An offshore oil well is leaking oil and creating a circular oil slick. If the radius of the slick is growing at a rate of 4 miles/hour, find the rate at which the area is increasing when the radius is 7 miles. (The area of a disc of radius r is A = πr2.)
Area = πr^2
d(area)/dt = 2πr dr/dt
given: dr/dt = 4
find: d(area)/dt when r = 7
d(area)/dt = 2π(7)(4) = 56π miles^2 / hour
Thank you!
Hmmm. Assuming that in precal you have not yet learned to take a derivative, consider that the area is increasing at a rate equal to the change in radius times the circumference.
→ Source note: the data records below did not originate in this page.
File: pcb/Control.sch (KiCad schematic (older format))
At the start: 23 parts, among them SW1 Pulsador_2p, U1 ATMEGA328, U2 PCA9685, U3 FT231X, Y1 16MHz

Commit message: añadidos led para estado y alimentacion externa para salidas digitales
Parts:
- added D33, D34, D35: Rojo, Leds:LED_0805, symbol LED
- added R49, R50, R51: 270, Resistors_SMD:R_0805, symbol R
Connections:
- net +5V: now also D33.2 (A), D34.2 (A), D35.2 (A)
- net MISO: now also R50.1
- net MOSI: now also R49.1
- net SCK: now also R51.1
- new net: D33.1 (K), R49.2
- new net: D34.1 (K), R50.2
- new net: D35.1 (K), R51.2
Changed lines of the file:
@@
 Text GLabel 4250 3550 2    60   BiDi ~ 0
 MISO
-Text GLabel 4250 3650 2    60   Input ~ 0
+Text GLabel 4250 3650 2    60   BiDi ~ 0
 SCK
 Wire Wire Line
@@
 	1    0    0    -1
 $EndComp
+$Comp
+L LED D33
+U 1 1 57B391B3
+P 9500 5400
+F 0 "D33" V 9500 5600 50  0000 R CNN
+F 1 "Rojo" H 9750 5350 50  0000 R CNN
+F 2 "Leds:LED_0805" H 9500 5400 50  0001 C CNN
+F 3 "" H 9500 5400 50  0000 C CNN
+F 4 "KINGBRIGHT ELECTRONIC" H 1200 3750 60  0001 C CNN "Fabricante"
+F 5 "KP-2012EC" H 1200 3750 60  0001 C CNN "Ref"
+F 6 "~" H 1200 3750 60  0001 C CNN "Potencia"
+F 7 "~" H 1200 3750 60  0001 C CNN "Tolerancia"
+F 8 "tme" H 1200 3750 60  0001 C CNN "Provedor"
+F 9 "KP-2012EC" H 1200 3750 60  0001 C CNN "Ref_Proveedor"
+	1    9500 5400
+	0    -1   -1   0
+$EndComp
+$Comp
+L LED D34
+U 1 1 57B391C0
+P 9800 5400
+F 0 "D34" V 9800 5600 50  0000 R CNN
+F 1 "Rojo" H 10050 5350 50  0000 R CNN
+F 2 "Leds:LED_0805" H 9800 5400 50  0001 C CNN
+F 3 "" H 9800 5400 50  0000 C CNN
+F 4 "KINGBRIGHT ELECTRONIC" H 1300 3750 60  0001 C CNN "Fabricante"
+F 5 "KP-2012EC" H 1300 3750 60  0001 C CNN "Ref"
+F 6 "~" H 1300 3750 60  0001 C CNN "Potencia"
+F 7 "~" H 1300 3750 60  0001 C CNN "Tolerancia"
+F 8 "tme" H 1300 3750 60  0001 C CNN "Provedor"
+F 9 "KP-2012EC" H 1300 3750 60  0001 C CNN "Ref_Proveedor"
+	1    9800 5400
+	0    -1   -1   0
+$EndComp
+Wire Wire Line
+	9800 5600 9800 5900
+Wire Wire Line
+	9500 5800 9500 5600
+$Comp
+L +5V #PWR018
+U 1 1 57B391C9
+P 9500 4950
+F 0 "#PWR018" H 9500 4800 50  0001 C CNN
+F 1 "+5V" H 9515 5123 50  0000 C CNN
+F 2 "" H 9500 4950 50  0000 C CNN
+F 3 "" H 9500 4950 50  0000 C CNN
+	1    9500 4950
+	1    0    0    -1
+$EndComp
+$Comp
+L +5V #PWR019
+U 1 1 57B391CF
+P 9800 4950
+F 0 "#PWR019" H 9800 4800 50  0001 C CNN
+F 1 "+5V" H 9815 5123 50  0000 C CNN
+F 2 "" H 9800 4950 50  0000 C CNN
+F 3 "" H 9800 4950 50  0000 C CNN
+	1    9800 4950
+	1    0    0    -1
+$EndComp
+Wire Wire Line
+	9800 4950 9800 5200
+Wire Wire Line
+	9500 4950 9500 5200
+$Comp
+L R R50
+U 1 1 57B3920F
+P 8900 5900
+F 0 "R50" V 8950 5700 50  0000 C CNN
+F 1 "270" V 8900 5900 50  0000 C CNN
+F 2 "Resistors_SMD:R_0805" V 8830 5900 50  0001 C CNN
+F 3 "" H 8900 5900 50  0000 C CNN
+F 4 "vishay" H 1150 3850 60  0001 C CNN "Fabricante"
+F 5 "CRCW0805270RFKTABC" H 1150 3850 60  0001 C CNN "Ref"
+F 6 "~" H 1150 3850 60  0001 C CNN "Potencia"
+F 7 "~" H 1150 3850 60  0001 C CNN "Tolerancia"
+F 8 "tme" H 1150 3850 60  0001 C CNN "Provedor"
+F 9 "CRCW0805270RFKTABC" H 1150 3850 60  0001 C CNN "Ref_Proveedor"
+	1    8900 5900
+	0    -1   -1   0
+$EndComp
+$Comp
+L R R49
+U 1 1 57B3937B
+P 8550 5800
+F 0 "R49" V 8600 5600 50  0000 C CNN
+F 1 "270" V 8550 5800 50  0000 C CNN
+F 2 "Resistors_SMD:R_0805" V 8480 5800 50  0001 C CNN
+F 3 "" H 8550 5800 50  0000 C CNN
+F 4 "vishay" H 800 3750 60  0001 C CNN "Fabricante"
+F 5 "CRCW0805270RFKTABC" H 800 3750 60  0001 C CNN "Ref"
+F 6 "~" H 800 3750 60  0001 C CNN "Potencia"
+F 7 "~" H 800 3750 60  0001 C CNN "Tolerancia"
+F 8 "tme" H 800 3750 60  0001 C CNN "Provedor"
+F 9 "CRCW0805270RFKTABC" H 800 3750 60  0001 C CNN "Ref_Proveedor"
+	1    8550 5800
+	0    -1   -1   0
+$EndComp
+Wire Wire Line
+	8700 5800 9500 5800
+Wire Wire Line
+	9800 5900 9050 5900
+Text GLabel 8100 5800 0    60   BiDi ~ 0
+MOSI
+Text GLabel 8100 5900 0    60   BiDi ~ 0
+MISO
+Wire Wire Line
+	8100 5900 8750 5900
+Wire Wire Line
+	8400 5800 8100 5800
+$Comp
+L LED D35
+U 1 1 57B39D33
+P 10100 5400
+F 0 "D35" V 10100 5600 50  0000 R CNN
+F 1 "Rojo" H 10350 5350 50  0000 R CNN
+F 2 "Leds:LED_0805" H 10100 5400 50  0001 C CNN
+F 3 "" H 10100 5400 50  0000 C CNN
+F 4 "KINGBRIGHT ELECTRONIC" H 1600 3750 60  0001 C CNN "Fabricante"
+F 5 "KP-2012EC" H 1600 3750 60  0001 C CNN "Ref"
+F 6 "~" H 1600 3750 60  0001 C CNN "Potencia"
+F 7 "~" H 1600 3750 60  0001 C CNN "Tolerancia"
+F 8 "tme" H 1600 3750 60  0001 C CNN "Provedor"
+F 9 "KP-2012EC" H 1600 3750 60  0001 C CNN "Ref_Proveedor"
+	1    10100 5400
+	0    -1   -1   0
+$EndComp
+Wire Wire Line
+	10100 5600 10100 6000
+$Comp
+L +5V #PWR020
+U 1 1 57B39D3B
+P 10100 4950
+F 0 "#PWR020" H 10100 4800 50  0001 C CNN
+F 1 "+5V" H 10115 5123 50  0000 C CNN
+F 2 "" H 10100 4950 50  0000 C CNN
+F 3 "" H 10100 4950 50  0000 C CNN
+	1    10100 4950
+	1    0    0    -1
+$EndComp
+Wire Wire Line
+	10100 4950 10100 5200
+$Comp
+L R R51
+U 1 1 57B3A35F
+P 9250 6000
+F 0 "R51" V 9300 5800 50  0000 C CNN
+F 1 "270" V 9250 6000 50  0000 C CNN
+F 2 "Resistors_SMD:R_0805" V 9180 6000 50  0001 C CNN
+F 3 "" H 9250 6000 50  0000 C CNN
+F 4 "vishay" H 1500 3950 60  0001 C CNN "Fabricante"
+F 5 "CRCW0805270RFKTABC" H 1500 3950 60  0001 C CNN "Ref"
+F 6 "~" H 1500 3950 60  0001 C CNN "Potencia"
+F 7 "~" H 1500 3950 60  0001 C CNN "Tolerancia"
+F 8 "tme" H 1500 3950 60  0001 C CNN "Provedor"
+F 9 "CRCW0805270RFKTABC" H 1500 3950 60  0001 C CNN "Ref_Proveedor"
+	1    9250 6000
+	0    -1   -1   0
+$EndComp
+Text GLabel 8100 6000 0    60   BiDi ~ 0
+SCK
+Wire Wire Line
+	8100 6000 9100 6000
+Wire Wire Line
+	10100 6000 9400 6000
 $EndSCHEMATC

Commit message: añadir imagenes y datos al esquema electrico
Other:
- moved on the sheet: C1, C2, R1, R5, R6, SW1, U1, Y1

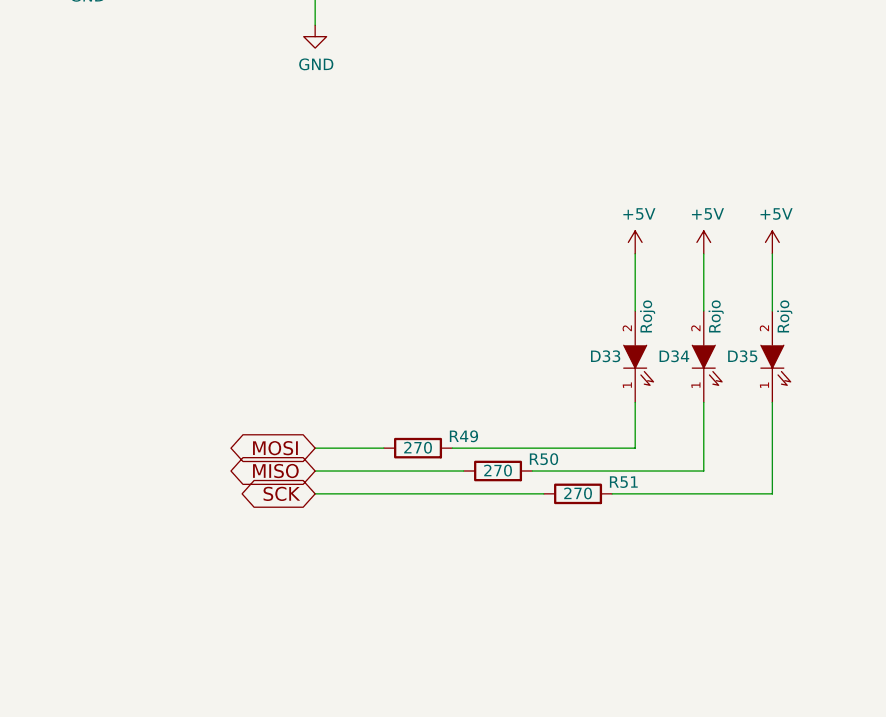
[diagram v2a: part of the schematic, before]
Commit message: correcciones menores y ecualizar longitud de pistas
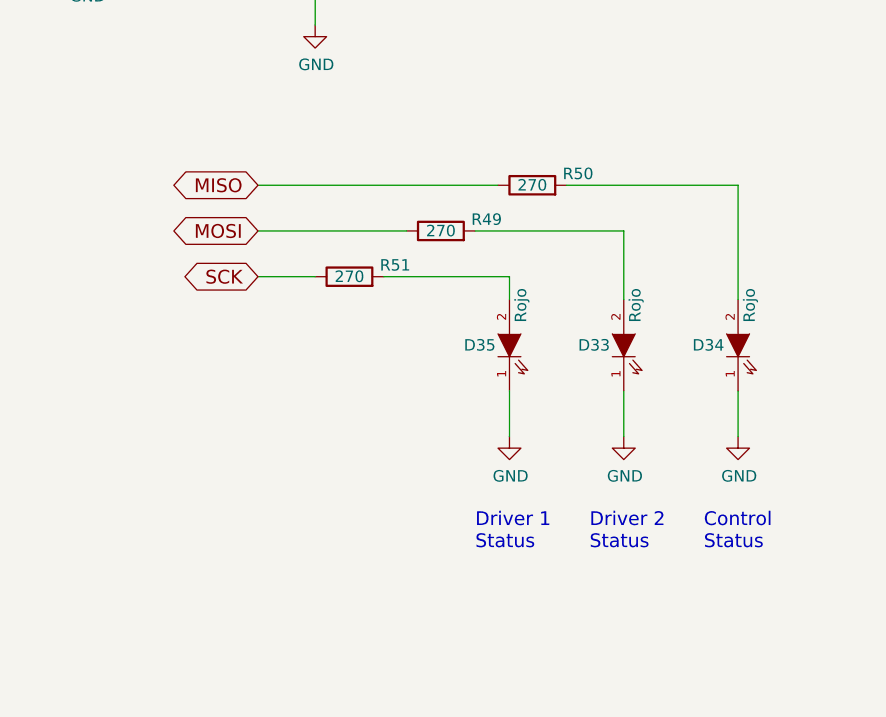
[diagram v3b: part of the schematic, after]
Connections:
- net +5V: no longer D33.2 (A), D34.2 (A), D35.2 (A)
- net GND: now also D33.1 (K), D34.1 (K), D35.1 (K)
- net at R49.2: now also D33.2 (A); no longer D33.1 (K)
- net at R50.2: now also D34.2 (A); no longer D34.1 (K)
- net at R51.2: now also D35.2 (A); no longer D35.1 (K)
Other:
- note added: "Control \nStatus"
- note added: "Driver 1 \nStatus"
- note added: "Driver 2 \nStatus"
- moved on the sheet: D33, D34, D35, R49, R50, R51
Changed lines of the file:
@@
-$EndComp
-$Comp
-L LED D33
-U 1 1 57B391B3
-P 9500 5400
-F 0 "D33" V 9500 5600 50  0000 R CNN
-F 1 "Rojo" H 9750 5350 50  0000 R CNN
-F 2 "Leds:LED_0805" H 9500 5400 50  0001 C CNN
-F 3 "" H 9500 5400 50  0000 C CNN
-F 4 "KINGBRIGHT ELECTRONIC" H 1200 3750 60  0001 C CNN "Fabricante"
-F 5 "KP-2012EC" H 1200 3750 60  0001 C CNN "Ref"
-F 6 "~" H 1200 3750 60  0001 C CNN "Potencia"
-F 7 "~" H 1200 3750 60  0001 C CNN "Tolerancia"
-F 8 "tme" H 1200 3750 60  0001 C CNN "Provedor"
-F 9 "KP-2012EC" H 1200 3750 60  0001 C CNN "Ref_Proveedor"
-	1    9500 5400
-	0    -1   -1   0
 $EndComp
 $Comp
 L LED D34
 U 1 1 57B391C0
-P 9800 5400
-F 0 "D34" V 9800 5600 50  0000 R CNN
-F 1 "Rojo" H 10050 5350 50  0000 R CNN
-F 2 "Leds:LED_0805" H 9800 5400 50  0001 C CNN
-F 3 "" H 9800 5400 50  0000 C CNN
-F 4 "KINGBRIGHT ELECTRONIC" H 1300 3750 60  0001 C CNN "Fabricante"
-F 5 "KP-2012EC" H 1300 3750 60  0001 C CNN "Ref"
-F 6 "~" H 1300 3750 60  0001 C CNN "Potencia"
-F 7 "~" H 1300 3750 60  0001 C CNN "Tolerancia"
-F 8 "tme" H 1300 3750 60  0001 C CNN "Provedor"
-F 9 "KP-2012EC" H 1300 3750 60  0001 C CNN "Ref_Proveedor"
-	1    9800 5400
+P 9950 5350
+F 0 "D34" V 9950 5550 50  0000 R CNN
+F 1 "Rojo" H 10200 5300 50  0000 R CNN
+F 2 "Leds:LED_0805" H 9950 5350 50  0001 C CNN
+F 3 "" H 9950 5350 50  0000 C CNN
+F 4 "KINGBRIGHT ELECTRONIC" H 1450 3700 60  0001 C CNN "Fabricante"
+F 5 "KP-2012EC" H 1450 3700 60  0001 C CNN "Ref"
+F 6 "~" H 1450 3700 60  0001 C CNN "Potencia"
+F 7 "~" H 1450 3700 60  0001 C CNN "Tolerancia"
+F 8 "tme" H 1450 3700 60  0001 C CNN "Provedor"
+F 9 "KP-2012EC" H 1450 3700 60  0001 C CNN "Ref_Proveedor"
+	1    9950 5350
 	0    -1   -1   0
 $EndComp
-Wire Wire Line
-	9800 5600 9800 5900
-Wire Wire Line
-	9500 5800 9500 5600
-$Comp
-L +5V #PWR018
-U 1 1 57B391C9
-P 9500 4950
-F 0 "#PWR018" H 9500 4800 50  0001 C CNN
-F 1 "+5V" H 9515 5123 50  0000 C CNN
-F 2 "" H 9500 4950 50  0000 C CNN
-F 3 "" H 9500 4950 50  0000 C CNN
-	1    9500 4950
-	1    0    0    -1
-$EndComp
-$Comp
-L +5V #PWR019
-U 1 1 57B391CF
-P 9800 4950
-F 0 "#PWR019" H 9800 4800 50  0001 C CNN
-F 1 "+5V" H 9815 5123 50  0000 C CNN
-F 2 "" H 9800 4950 50  0000 C CNN
-F 3 "" H 9800 4950 50  0000 C CNN
-	1    9800 4950
-	1    0    0    -1
-$EndComp
-Wire Wire Line
-	9800 4950 9800 5200
-Wire Wire Line
-	9500 4950 9500 5200
 $Comp
 L R R50
 U 1 1 57B3920F
-P 8900 5900
-F 0 "R50" V 8950 5700 50  0000 C CNN
-F 1 "270" V 8900 5900 50  0000 C CNN
-F 2 "Resistors_SMD:R_0805" V 8830 5900 50  0001 C CNN
-F 3 "" H 8900 5900 50  0000 C CNN
-F 4 "vishay" H 1150 3850 60  0001 C CNN "Fabricante"
-F 5 "CRCW0805270RFKTABC" H 1150 3850 60  0001 C CNN "Ref"
-F 6 "~" H 1150 3850 60  0001 C CNN "Potencia"
-F 7 "~" H 1150 3850 60  0001 C CNN "Tolerancia"
-F 8 "tme" H 1150 3850 60  0001 C CNN "Provedor"
-F 9 "CRCW0805270RFKTABC" H 1150 3850 60  0001 C CNN "Ref_Proveedor"
-	1    8900 5900
+P 9050 4650
+F 0 "R50" V 9100 4450 50  0000 C CNN
+F 1 "270" V 9050 4650 50  0000 C CNN
+F 2 "Resistors_SMD:R_0805" V 8980 4650 50  0001 C CNN
+F 3 "" H 9050 4650 50  0000 C CNN
+F 4 "vishay" H 1300 2600 60  0001 C CNN "Fabricante"
+F 5 "CRCW0805270RFKTABC" H 1300 2600 60  0001 C CNN "Ref"
+F 6 "~" H 1300 2600 60  0001 C CNN "Potencia"
+F 7 "~" H 1300 2600 60  0001 C CNN "Tolerancia"
+F 8 "tme" H 1300 2600 60  0001 C CNN "Provedor"
+F 9 "CRCW0805270RFKTABC" H 1300 2600 60  0001 C CNN "Ref_Proveedor"
+	1    9050 4650
 	0    -1   -1   0
 $EndComp
@@
 L R R49
 U 1 1 57B3937B
-P 8550 5800
-F 0 "R49" V 8600 5600 50  0000 C CNN
-F 1 "270" V 8550 5800 50  0000 C CNN
-F 2 "Resistors_SMD:R_0805" V 8480 5800 50  0001 C CNN
-F 3 "" H 8550 5800 50  0000 C CNN
-F 4 "vishay" H 800 3750 60  0001 C CNN "Fabricante"
-F 5 "CRCW0805270RFKTABC" H 800 3750 60  0001 C CNN "Ref"
-F 6 "~" H 800 3750 60  0001 C CNN "Potencia"
-F 7 "~" H 800 3750 60  0001 C CNN "Tolerancia"
-F 8 "tme" H 800 3750 60  0001 C CNN "Provedor"
-F 9 "CRCW0805270RFKTABC" H 800 3750 60  0001 C CNN "Ref_Proveedor"
-	1    8550 5800
+P 8650 4850
+F 0 "R49" V 8700 4650 50  0000 C CNN
+F 1 "270" V 8650 4850 50  0000 C CNN
+F 2 "Resistors_SMD:R_0805" V 8580 4850 50  0001 C CNN
+F 3 "" H 8650 4850 50  0000 C CNN
+F 4 "vishay" H 900 2800 60  0001 C CNN "Fabricante"
+F 5 "CRCW0805270RFKTABC" H 900 2800 60  0001 C CNN "Ref"
+F 6 "~" H 900 2800 60  0001 C CNN "Potencia"
+F 7 "~" H 900 2800 60  0001 C CNN "Tolerancia"
+F 8 "tme" H 900 2800 60  0001 C CNN "Provedor"
+F 9 "CRCW0805270RFKTABC" H 900 2800 60  0001 C CNN "Ref_Proveedor"
+	1    8650 4850
 	0    -1   -1   0
 $EndComp
-Wire Wire Line
-	8700 5800 9500 5800
-Wire Wire Line
-	9800 5900 9050 5900
-Text GLabel 8100 5800 0    60   BiDi ~ 0
+Text GLabel 7850 4850 0    60   BiDi ~ 0
 MOSI
-Text GLabel 8100 5900 0    60   BiDi ~ 0
+Text GLabel 7850 4650 0    60   BiDi ~ 0
 MISO
 Wire Wire Line
-	8100 5900 8750 5900
-Wire Wire Line
-	8400 5800 8100 5800
+	7850 4650 8900 4650
 $Comp
 L LED D35
 U 1 1 57B39D33
-P 10100 5400
-F 0 "D35" V 10100 5600 50  0000 R CNN
-F 1 "Rojo" H 10350 5350 50  0000 R CNN
-F 2 "Leds:LED_0805" H 10100 5400 50  0001 C CNN
-F 3 "" H 10100 5400 50  0000 C CNN
-F 4 "KINGBRIGHT ELECTRONIC" H 1600 3750 60  0001 C CNN "Fabricante"
-F 5 "KP-2012EC" H 1600 3750 60  0001 C CNN "Ref"
-F 6 "~" H 1600 3750 60  0001 C CNN "Potencia"
-F 7 "~" H 1600 3750 60  0001 C CNN "Tolerancia"
-F 8 "tme" H 1600 3750 60  0001 C CNN "Provedor"
-F 9 "KP-2012EC" H 1600 3750 60  0001 C CNN "Ref_Proveedor"
-	1    10100 5400
+P 8950 5350
+F 0 "D35" V 8950 5550 50  0000 R CNN
+F 1 "Rojo" H 9200 5300 50  0000 R CNN
+F 2 "Leds:LED_0805" H 8950 5350 50  0001 C CNN
+F 3 "" H 8950 5350 50  0000 C CNN
+F 4 "KINGBRIGHT ELECTRONIC" H 450 3700 60  0001 C CNN "Fabricante"
+F 5 "KP-2012EC" H 450 3700 60  0001 C CNN "Ref"
+F 6 "~" H 450 3700 60  0001 C CNN "Potencia"
+F 7 "~" H 450 3700 60  0001 C CNN "Tolerancia"
+F 8 "tme" H 450 3700 60  0001 C CNN "Provedor"
+F 9 "KP-2012EC" H 450 3700 60  0001 C CNN "Ref_Proveedor"
+	1    8950 5350
 	0    -1   -1   0
 $EndComp
-Wire Wire Line
-	10100 5600 10100 6000
-$Comp
-L +5V #PWR020
-U 1 1 57B39D3B
-P 10100 4950
-F 0 "#PWR020" H 10100 4800 50  0001 C CNN
-F 1 "+5V" H 10115 5123 50  0000 C CNN
-F 2 "" H 10100 4950 50  0000 C CNN
-F 3 "" H 10100 4950 50  0000 C CNN
-	1    10100 4950
-	1    0    0    -1
-$EndComp
-Wire Wire Line
-	10100 4950 10100 5200
 $Comp
 L R R51
 U 1 1 57B3A35F
-P 9250 6000
-F 0 "R51" V 9300 5800 50  0000 C CNN
-F 1 "270" V 9250 6000 50  0000 C CNN
-F 2 "Resistors_SMD:R_0805" V 9180 6000 50  0001 C CNN
-F 3 "" H 9250 6000 50  0000 C CNN
-F 4 "vishay" H 1500 3950 60  0001 C CNN "Fabricante"
-F 5 "CRCW0805270RFKTABC" H 1500 3950 60  0001 C CNN "Ref"
-F 6 "~" H 1500 3950 60  0001 C CNN "Potencia"
-F 7 "~" H 1500 3950 60  0001 C CNN "Tolerancia"
-F 8 "tme" H 1500 3950 60  0001 C CNN "Provedor"
-F 9 "CRCW0805270RFKTABC" H 1500 3950 60  0001 C CNN "Ref_Proveedor"
-	1    9250 6000
+P 8250 5050
+F 0 "R51" V 8300 4850 50  0000 C CNN
+F 1 "270" V 8250 5050 50  0000 C CNN
+F 2 "Resistors_SMD:R_0805" V 8180 5050 50  0001 C CNN
+F 3 "" H 8250 5050 50  0000 C CNN
+F 4 "vishay" H 500 3000 60  0001 C CNN "Fabricante"
+F 5 "CRCW0805270RFKTABC" H 500 3000 60  0001 C CNN "Ref"
+F 6 "~" H 500 3000 60  0001 C CNN "Potencia"
+F 7 "~" H 500 3000 60  0001 C CNN "Tolerancia"
+F 8 "tme" H 500 3000 60  0001 C CNN "Provedor"
+F 9 "CRCW0805270RFKTABC" H 500 3000 60  0001 C CNN "Ref_Proveedor"
+	1    8250 5050
 	0    -1   -1   0
 $EndComp
-Text GLabel 8100 6000 0    60   BiDi ~ 0
+Text GLabel 7850 5050 0    60   BiDi ~ 0
 SCK
-Wire Wire Line
-	8100 6000 9100 6000
-Wire Wire Line
-	10100 6000 9400 6000
 $Bitmap
 Pos 10900 6850
@@
 EndData
 $EndBitmap
+Wire Wire Line
+	8100 5050 7850 5050
+$Comp
+L LED D33
+U 1 1 57B391B3
+P 9450 5350
+F 0 "D33" V 9450 5550 50  0000 R CNN
+F 1 "Rojo" H 9700 5300 50  0000 R CNN
+F 2 "Leds:LED_0805" H 9450 5350 50  0001 C CNN
+F 3 "" H 9450 5350 50  0000 C CNN
+F 4 "KINGBRIGHT ELECTRONIC" H 1150 3700 60  0001 C CNN "Fabricante"
+F 5 "KP-2012EC" H 1150 3700 60  0001 C CNN "Ref"
+F 6 "~" H 1150 3700 60  0001 C CNN "Potencia"
+F 7 "~" H 1150 3700 60  0001 C CNN "Tolerancia"
+F 8 "tme" H 1150 3700 60  0001 C CNN "Provedor"
+F 9 "KP-2012EC" H 1150 3700 60  0001 C CNN "Ref_Proveedor"
+	1    9450 5350
+	0    -1   -1   0
+$EndComp
+$Comp
+L GND #PWR018
+U 1 1 57B5BB38
+P 9450 5750
+F 0 "#PWR018" H 9450 5500 50  0001 C CNN
+F 1 "GND" H 9455 5577 50  0000 C CNN
+F 2 "" H 9450 5750 50  0000 C CNN
+F 3 "" H 9450 5750 50  0000 C CNN
+	1    9450 5750
+	1    0    0    -1
+$EndComp
+$Comp
+L GND #PWR019
+U 1 1 57B5BBA1
+P 9950 5750
+F 0 "#PWR019" H 9950 5500 50  0001 C CNN
+F 1 "GND" H 9955 5577 50  0000 C CNN
+F 2 "" H 9950 5750 50  0000 C CNN
+F 3 "" H 9950 5750 50  0000 C CNN
+	1    9950 5750
+	1    0    0    -1
+$EndComp
+$Comp
+L GND #PWR020
+U 1 1 57B5BC03
+P 8950 5750
+F 0 "#PWR020" H 8950 5500 50  0001 C CNN
+F 1 "GND" H 8955 5577 50  0000 C CNN
+F 2 "" H 8950 5750 50  0000 C CNN
+F 3 "" H 8950 5750 50  0000 C CNN
+	1    8950 5750
+	1    0    0    -1
+$EndComp
+Wire Wire Line
+	8950 5550 8950 5750
+Wire Wire Line
+	9450 5550 9450 5750
+Wire Wire Line
+	7850 4850 8500 4850
+Wire Wire Line
+	9200 4650 9950 4650
+Wire Wire Line
+	9950 4650 9950 5150
+Wire Wire Line
+	9950 5550 9950 5750
+Wire Wire Line
+	8800 4850 9450 4850
+Wire Wire Line
+	9450 4850 9450 5150
+Wire Wire Line
+	8950 5150 8950 5050
+Wire Wire Line
+	8950 5050 8400 5050
+Text Notes 9800 6250 0    60   ~ 0
+Control \nStatus
+Text Notes 9300 6250 0    60   ~ 0
+Driver 2 \nStatus
+Text Notes 8800 6250 0    60   ~ 0
+Driver 1 \nStatus
 $EndSCHEMATC

That is, if r changes very little, you are just adding a new, very thin circle to the area.
That of course, would be (2πr cm)*(4 cm/hr) = 56 cm^2/hr
To find the rate at which the area is increasing, we need to differentiate the area function with respect to time. Let's break down the problem into smaller steps:
Step 1: Find the equation for the area of the oil slick in terms of the radius.
The area of a disc is given by the formula A = πr^2, where r is the radius of the slick.
Step 2: Differentiate both sides of the equation with respect to time (t).
dA/dt represents the rate of change of the area with respect to time.
Step 3: Apply the chain rule to differentiate.
Since both A and r are functions of time, we need to use the chain rule to differentiate A with respect to t.
Now let's solve the problem using these steps:
Step 1: Equation for the area of the oil slick:
A = πr^2
Step 2: Differentiate both sides with respect to time (t):
dA/dt = d/dt(πr^2)
Step 3: Apply the chain rule:
dA/dt = 2πr(dr/dt)
Now we need to substitute the given information into the equation.
Given information:
dr/dt = 4 miles/hour (rate at which the radius is growing)
r = 7 miles (radius)
Substitute the values into the equation:
dA/dt = 2π(7)(4)
Simplify the expression:
dA/dt = 56π
Therefore, the rate at which the area is increasing when the radius is 7 miles is 56π square miles per hour.